When you reach the line containing "#69=LINE('',#68,#67);" in the entries below, start writing out each line exactly, and stop after the line containing "#134=DIRECTION('',(0.,1.,0.));".

## STUDY MATERIAL
....

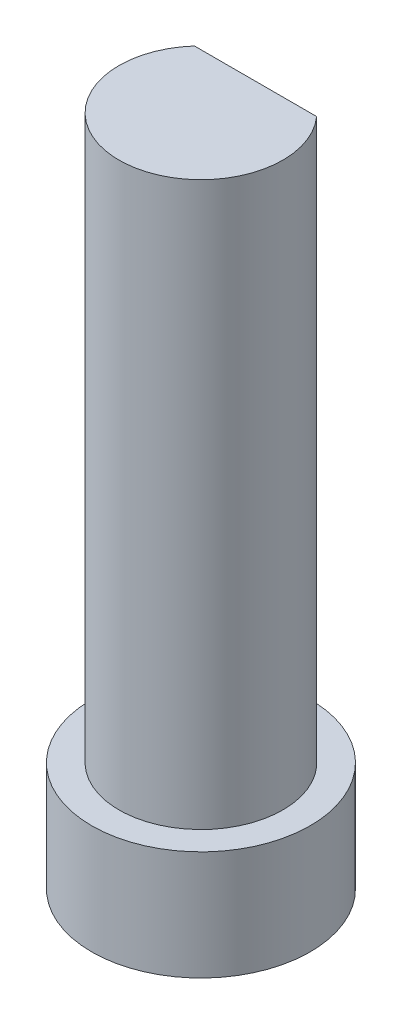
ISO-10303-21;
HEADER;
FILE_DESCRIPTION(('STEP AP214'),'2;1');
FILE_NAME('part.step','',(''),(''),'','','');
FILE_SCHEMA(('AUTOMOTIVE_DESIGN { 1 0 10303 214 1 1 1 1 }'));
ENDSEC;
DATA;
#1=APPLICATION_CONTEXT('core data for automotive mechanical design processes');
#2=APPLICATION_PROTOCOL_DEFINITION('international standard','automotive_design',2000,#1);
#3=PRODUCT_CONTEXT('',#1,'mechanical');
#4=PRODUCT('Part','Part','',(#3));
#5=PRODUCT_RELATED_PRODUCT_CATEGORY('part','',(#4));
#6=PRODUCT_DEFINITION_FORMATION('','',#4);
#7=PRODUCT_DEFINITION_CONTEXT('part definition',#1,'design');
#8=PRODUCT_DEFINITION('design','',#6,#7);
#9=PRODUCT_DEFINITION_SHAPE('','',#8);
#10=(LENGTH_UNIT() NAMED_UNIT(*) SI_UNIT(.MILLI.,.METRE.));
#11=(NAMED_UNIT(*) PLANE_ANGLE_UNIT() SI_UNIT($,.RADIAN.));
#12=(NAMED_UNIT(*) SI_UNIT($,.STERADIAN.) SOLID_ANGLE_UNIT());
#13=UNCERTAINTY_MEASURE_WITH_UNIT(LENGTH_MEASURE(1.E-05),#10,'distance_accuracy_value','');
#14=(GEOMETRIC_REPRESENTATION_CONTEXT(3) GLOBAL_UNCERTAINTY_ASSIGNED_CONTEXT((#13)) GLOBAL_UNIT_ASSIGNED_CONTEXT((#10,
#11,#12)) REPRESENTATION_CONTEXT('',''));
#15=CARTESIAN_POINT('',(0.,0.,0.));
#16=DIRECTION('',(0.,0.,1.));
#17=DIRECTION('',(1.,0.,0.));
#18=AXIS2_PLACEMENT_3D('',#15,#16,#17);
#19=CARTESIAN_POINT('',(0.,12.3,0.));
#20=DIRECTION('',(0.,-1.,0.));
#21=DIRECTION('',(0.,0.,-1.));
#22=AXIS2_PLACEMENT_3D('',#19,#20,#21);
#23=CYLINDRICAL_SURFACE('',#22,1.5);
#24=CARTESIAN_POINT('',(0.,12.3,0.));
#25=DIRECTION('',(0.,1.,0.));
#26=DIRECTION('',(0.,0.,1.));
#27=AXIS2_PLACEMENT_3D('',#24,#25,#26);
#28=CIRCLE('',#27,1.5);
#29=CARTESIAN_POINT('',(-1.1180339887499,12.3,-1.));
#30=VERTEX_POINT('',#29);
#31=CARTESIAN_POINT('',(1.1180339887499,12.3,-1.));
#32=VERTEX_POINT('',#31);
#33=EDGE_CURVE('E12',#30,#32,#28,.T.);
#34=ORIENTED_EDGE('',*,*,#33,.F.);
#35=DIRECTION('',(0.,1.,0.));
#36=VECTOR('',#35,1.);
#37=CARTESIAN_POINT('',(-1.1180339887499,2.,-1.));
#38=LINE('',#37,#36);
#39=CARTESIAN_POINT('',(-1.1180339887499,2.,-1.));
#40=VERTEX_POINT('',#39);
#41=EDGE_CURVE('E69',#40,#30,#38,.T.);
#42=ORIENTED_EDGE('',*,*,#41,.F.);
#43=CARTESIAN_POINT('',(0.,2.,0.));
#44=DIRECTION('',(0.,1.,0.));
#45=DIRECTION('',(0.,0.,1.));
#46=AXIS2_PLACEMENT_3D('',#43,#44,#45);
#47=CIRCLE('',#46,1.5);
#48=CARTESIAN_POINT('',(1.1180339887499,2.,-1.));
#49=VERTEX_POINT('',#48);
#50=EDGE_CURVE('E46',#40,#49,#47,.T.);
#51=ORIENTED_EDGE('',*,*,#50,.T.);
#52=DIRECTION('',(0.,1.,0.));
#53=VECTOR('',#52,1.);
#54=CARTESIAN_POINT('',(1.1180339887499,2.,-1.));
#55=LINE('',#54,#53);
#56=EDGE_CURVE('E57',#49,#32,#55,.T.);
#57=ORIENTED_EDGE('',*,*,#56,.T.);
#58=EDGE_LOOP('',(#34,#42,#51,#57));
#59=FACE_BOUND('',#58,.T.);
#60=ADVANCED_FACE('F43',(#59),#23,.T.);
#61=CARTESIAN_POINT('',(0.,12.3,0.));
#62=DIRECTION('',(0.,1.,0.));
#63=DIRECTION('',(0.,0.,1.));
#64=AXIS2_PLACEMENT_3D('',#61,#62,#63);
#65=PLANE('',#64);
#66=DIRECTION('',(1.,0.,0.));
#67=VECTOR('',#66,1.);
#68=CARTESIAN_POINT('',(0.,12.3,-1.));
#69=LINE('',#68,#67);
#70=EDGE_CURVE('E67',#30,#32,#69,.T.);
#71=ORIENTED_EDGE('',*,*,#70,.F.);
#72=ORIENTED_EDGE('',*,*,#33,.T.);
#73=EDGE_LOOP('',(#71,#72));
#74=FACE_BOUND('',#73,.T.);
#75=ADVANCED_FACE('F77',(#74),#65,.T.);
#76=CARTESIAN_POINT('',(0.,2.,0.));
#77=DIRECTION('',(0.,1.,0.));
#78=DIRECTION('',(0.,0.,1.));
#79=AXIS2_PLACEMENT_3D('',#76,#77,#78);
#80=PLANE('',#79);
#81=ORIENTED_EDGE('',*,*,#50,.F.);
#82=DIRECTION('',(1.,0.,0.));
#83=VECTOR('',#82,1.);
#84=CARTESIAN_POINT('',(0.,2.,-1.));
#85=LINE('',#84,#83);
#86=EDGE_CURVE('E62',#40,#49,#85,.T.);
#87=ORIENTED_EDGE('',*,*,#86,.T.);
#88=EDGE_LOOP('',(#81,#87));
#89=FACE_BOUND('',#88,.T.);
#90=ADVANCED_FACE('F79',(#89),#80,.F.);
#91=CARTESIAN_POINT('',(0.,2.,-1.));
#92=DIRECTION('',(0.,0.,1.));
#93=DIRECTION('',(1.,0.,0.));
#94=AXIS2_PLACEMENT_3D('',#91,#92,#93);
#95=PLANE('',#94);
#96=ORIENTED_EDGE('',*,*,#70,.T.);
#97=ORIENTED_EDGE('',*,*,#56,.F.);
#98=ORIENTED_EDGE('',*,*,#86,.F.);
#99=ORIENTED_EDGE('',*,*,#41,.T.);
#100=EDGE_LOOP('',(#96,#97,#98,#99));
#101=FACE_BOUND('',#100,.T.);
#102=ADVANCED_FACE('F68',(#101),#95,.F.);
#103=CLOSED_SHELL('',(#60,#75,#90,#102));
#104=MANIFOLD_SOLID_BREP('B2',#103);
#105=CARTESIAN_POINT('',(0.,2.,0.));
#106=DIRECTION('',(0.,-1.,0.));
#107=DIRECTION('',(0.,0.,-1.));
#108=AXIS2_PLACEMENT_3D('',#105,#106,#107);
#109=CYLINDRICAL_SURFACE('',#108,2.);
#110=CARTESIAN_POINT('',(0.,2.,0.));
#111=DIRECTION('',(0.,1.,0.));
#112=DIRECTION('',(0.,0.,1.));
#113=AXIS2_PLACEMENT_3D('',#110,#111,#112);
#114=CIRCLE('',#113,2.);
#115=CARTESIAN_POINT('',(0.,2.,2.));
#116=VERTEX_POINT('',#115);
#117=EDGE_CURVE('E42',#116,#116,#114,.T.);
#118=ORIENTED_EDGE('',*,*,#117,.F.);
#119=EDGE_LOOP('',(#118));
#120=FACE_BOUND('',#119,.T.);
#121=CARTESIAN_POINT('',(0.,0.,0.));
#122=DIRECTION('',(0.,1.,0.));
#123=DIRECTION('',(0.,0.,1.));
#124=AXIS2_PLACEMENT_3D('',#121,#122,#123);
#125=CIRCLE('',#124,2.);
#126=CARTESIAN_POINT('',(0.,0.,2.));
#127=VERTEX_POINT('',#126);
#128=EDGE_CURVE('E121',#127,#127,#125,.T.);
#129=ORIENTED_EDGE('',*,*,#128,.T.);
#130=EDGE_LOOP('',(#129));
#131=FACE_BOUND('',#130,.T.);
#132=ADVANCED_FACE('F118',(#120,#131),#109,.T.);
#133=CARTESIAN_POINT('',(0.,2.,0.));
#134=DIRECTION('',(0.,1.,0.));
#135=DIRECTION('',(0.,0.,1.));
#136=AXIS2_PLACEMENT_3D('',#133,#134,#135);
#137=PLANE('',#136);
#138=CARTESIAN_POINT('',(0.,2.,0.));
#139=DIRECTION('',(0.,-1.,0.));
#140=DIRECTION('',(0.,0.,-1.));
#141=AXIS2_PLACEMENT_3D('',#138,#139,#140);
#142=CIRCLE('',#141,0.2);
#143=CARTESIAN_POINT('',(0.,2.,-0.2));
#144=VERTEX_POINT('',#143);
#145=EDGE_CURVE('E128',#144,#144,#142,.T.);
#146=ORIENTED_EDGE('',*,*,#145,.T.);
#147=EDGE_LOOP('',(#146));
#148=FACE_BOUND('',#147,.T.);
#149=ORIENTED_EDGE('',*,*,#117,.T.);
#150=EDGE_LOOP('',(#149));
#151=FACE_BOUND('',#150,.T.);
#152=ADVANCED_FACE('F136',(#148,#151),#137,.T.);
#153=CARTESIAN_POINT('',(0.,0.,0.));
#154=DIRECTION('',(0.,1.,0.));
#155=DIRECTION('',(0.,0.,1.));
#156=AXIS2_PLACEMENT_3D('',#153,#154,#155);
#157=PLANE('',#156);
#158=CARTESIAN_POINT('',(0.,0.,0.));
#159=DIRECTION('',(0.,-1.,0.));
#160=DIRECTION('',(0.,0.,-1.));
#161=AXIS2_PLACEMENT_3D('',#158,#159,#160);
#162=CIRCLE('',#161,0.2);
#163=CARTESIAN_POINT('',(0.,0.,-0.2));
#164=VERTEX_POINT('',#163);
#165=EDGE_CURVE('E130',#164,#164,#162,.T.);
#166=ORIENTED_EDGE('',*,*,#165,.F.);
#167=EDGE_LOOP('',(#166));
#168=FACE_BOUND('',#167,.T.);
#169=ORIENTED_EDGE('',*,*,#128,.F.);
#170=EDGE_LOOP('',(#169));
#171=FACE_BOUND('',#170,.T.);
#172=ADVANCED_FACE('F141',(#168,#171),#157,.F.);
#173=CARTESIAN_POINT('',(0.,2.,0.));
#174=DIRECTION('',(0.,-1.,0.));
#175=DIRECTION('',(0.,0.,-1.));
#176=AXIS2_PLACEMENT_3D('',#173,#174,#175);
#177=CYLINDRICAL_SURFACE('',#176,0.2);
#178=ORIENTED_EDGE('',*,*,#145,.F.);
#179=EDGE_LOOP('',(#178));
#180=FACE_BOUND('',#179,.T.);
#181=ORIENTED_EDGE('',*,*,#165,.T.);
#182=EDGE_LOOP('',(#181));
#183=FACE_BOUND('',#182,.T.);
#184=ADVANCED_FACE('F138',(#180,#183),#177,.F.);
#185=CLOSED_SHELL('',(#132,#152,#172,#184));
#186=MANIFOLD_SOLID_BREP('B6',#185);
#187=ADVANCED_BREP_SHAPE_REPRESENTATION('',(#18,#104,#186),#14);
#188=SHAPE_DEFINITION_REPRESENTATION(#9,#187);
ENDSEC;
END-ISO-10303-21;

....

## RESULT FOR THIS TASK
#69=LINE('',#68,#67);
#70=EDGE_CURVE('E67',#30,#32,#69,.T.);
#71=ORIENTED_EDGE('',*,*,#70,.F.);
#72=ORIENTED_EDGE('',*,*,#33,.T.);
#73=EDGE_LOOP('',(#71,#72));
#74=FACE_BOUND('',#73,.T.);
#75=ADVANCED_FACE('F77',(#74),#65,.T.);
#76=CARTESIAN_POINT('',(0.,2.,0.));
#77=DIRECTION('',(0.,1.,0.));
#78=DIRECTION('',(0.,0.,1.));
#79=AXIS2_PLACEMENT_3D('',#76,#77,#78);
#80=PLANE('',#79);
#81=ORIENTED_EDGE('',*,*,#50,.F.);
#82=DIRECTION('',(1.,0.,0.));
#83=VECTOR('',#82,1.);
#84=CARTESIAN_POINT('',(0.,2.,-1.));
#85=LINE('',#84,#83);
#86=EDGE_CURVE('E62',#40,#49,#85,.T.);
#87=ORIENTED_EDGE('',*,*,#86,.T.);
#88=EDGE_LOOP('',(#81,#87));
#89=FACE_BOUND('',#88,.T.);
#90=ADVANCED_FACE('F79',(#89),#80,.F.);
#91=CARTESIAN_POINT('',(0.,2.,-1.));
#92=DIRECTION('',(0.,0.,1.));
#93=DIRECTION('',(1.,0.,0.));
#94=AXIS2_PLACEMENT_3D('',#91,#92,#93);
#95=PLANE('',#94);
#96=ORIENTED_EDGE('',*,*,#70,.T.);
#97=ORIENTED_EDGE('',*,*,#56,.F.);
#98=ORIENTED_EDGE('',*,*,#86,.F.);
#99=ORIENTED_EDGE('',*,*,#41,.T.);
#100=EDGE_LOOP('',(#96,#97,#98,#99));
#101=FACE_BOUND('',#100,.T.);
#102=ADVANCED_FACE('F68',(#101),#95,.F.);
#103=CLOSED_SHELL('',(#60,#75,#90,#102));
#104=MANIFOLD_SOLID_BREP('B2',#103);
#105=CARTESIAN_POINT('',(0.,2.,0.));
#106=DIRECTION('',(0.,-1.,0.));
#107=DIRECTION('',(0.,0.,-1.));
#108=AXIS2_PLACEMENT_3D('',#105,#106,#107);
#109=CYLINDRICAL_SURFACE('',#108,2.);
#110=CARTESIAN_POINT('',(0.,2.,0.));
#111=DIRECTION('',(0.,1.,0.));
#112=DIRECTION('',(0.,0.,1.));
#113=AXIS2_PLACEMENT_3D('',#110,#111,#112);
#114=CIRCLE('',#113,2.);
#115=CARTESIAN_POINT('',(0.,2.,2.));
#116=VERTEX_POINT('',#115);
#117=EDGE_CURVE('E42',#116,#116,#114,.T.);
#118=ORIENTED_EDGE('',*,*,#117,.F.);
#119=EDGE_LOOP('',(#118));
#120=FACE_BOUND('',#119,.T.);
#121=CARTESIAN_POINT('',(0.,0.,0.));
#122=DIRECTION('',(0.,1.,0.));
#123=DIRECTION('',(0.,0.,1.));
#124=AXIS2_PLACEMENT_3D('',#121,#122,#123);
#125=CIRCLE('',#124,2.);
#126=CARTESIAN_POINT('',(0.,0.,2.));
#127=VERTEX_POINT('',#126);
#128=EDGE_CURVE('E121',#127,#127,#125,.T.);
#129=ORIENTED_EDGE('',*,*,#128,.T.);
#130=EDGE_LOOP('',(#129));
#131=FACE_BOUND('',#130,.T.);
#132=ADVANCED_FACE('F118',(#120,#131),#109,.T.);
#133=CARTESIAN_POINT('',(0.,2.,0.));
#134=DIRECTION('',(0.,1.,0.));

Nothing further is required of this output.